Retry with larger trust region (slow)

nmiss <- 10000
theta.start <- out$par
lowert <- pmax(lower, theta.start - trust)
uppert <- theta.start + trust
control <- list(fnscale = signif(out$value, 1))

tout <- system.time(out <- optim(theta.start, objfun, objgrd,
  method = "L-BFGS-B", lower = lowert, upper = uppert, control = control))
cat("elapsed time", tout[1], "seconds\n")

## elapsed time 33.59 seconds

Read the linked example by Geyer for more details: they go on to try nmiss=1e7 (number of samples of “missing data” [=latent variables]?, which they say is very slow, but they also say their results match Booth and Hobert (1999) , and an independent MCMC estimate, to 3 significant digits).

hglm

hglm_fit_0 <- hglm2(meanmodel = mating ~ 0 + fpop:mpop  + 
                       (1 | as.numeric(fnum)) + (1 | as.numeric(mnum)), 
                    family = binomial(), data = sdat,
                    conv = 1e-08, maxit = 40)
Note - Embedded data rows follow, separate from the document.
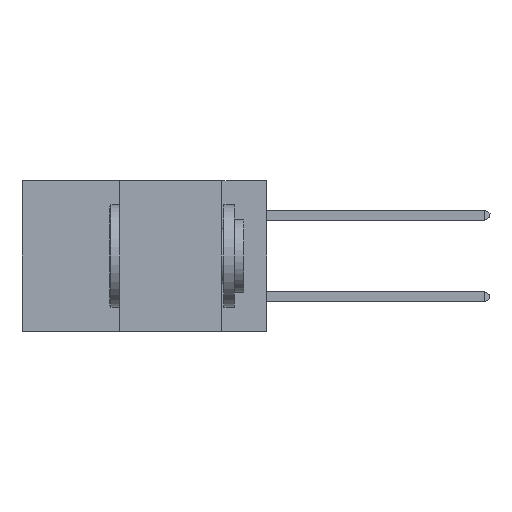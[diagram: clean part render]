
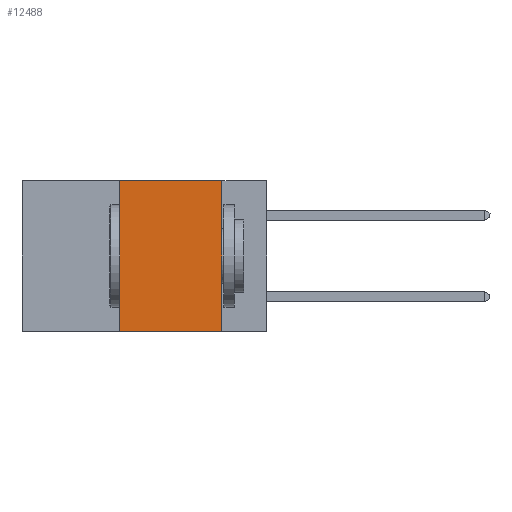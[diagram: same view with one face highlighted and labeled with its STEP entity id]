
A CAD part, left-side view. The second image highlights one B-rep face of the part: STEP entity #12488.
In plain terms, the highlighted planar face has unit normal (-1, 0, 0).
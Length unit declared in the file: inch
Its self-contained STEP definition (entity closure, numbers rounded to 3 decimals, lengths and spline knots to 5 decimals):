
#5 = CARTESIAN_POINT ( 'NONE',  ( 0., 0.11, -0.37 ) ) ;
#312 = EDGE_CURVE ( 'NONE', #9692, #897, #1347, .T. ) ;
#897 = VERTEX_POINT ( 'NONE', #14321 ) ;
#1155 = ORIENTED_EDGE ( 'NONE', *, *, #13135, .F. ) ;
#1347 = LINE ( 'NONE', #2604, #6997 ) ;
#1499 = FACE_OUTER_BOUND ( 'NONE', #9772, .T. ) ;
#1832 = CARTESIAN_POINT ( 'NONE',  ( 0., 0.11, 0. ) ) ;
#2604 = CARTESIAN_POINT ( 'NONE',  ( 0., 0.36, 0. ) ) ;
#2814 = DIRECTION ( 'NONE',  ( 0., -1., 0. ) ) ;
#2877 = CARTESIAN_POINT ( 'NONE',  ( 0., 0.6, 0. ) ) ;
#3530 = VECTOR ( 'NONE', #2814, 39.37008 ) ;
#4474 = LINE ( 'NONE', #11452, #7546 ) ;
#4476 = EDGE_CURVE ( 'NONE', #897, #7479, #6677, .T. ) ;
#4882 = VERTEX_POINT ( 'NONE', #5 ) ;
#5072 = DIRECTION ( 'NONE',  ( 0., 0., 1. ) ) ;
#5373 = PLANE ( 'NONE',  #12745 ) ;
#6494 = ORIENTED_EDGE ( 'NONE', *, *, #11121, .T. ) ;
#6501 = DIRECTION ( 'NONE',  ( 0., 0., -1. ) ) ;
#6587 = DIRECTION ( 'NONE',  ( 0., 0., -1. ) ) ;
#6677 = LINE ( 'NONE', #2877, #3530 ) ;
#6997 = VECTOR ( 'NONE', #5072, 39.37008 ) ;
#7479 = VERTEX_POINT ( 'NONE', #11606 ) ;
#7546 = VECTOR ( 'NONE', #9250, 39.37008 ) ;
#8412 = LINE ( 'NONE', #1832, #13825 ) ;
#8776 = CARTESIAN_POINT ( 'NONE',  ( 0., 0.6, 0. ) ) ;
#9250 = DIRECTION ( 'NONE',  ( 0., -1., 0. ) ) ;
#9692 = VERTEX_POINT ( 'NONE', #12253 ) ;
#9772 = EDGE_LOOP ( 'NONE', ( #1155, #9923, #10858, #6494 ) ) ;
#9923 = ORIENTED_EDGE ( 'NONE', *, *, #4476, .F. ) ;
#10858 = ORIENTED_EDGE ( 'NONE', *, *, #312, .F. ) ;
#11121 = EDGE_CURVE ( 'NONE', #9692, #4882, #4474, .T. ) ;
#11452 = CARTESIAN_POINT ( 'NONE',  ( 0., 0.6, -0.37 ) ) ;
#11606 = CARTESIAN_POINT ( 'NONE',  ( 0., 0.11, 0. ) ) ;
#12253 = CARTESIAN_POINT ( 'NONE',  ( 0., 0.36, -0.37 ) ) ;
#12488 = ADVANCED_FACE ( 'NONE', ( #1499 ), #5373, .F. ) ;
#12745 = AXIS2_PLACEMENT_3D ( 'NONE', #8776, #13133, #6501 ) ;
#13133 = DIRECTION ( 'NONE',  ( 1., 0., 0. ) ) ;
#13135 = EDGE_CURVE ( 'NONE', #7479, #4882, #8412, .T. ) ;
#13825 = VECTOR ( 'NONE', #6587, 39.37008 ) ;
#14321 = CARTESIAN_POINT ( 'NONE',  ( 0., 0.36, 0. ) ) ;

The example from the hglm vignette:

data(salamander)
hglm.salam <- hglm2(meanmodel = Mate ~ TypeF + TypeM + TypeF*TypeM + (1 | Female) + (1 | Male), family = binomial(), data = salamander,conv = 1e-08, maxit = 40)

Note hglm has a different version of the salamander data set – 360 rather than 120 values … (‘summer’ data set is what we’ve entered above, I think, this is both summer and fall … …) (Even for the data as included with hglm I don’t seem to be getting exactly the same structure as in the hglm vignette … ???)

To do/Other possibilities

get crossed GHQ to work in lme4 … ??? Laplace diagnostics ???
SAS, AS-REML
INLA?
WinBUGS/JAGS/Stan? McElreath’s RStan package?
print package numbers etc.
pictures of estimates, timings, confidence intervals …

References

Booth, James G., and James P. Hobert. 1999. “Maximizing Generalized Linear Mixed Model Likelihoods with an Automated Monte Carlo EM Algorithm.” Journal of the Royal Statistical Society. Series B 61 (1): 265–85. doi:10.1111/1467-9868.00176.

McCullagh, P., and J. A. Nelder. 1989. Generalized Linear Models. London: Chapman; Hall.

Sung, Yun Ju, and Charles J. Geyer. 2007. “Monte Carlo Likelihood Inference for Missing Data Models.” The Annals of Statistics 35 (3): 990–1011. doi:10.1214/009053606000001389.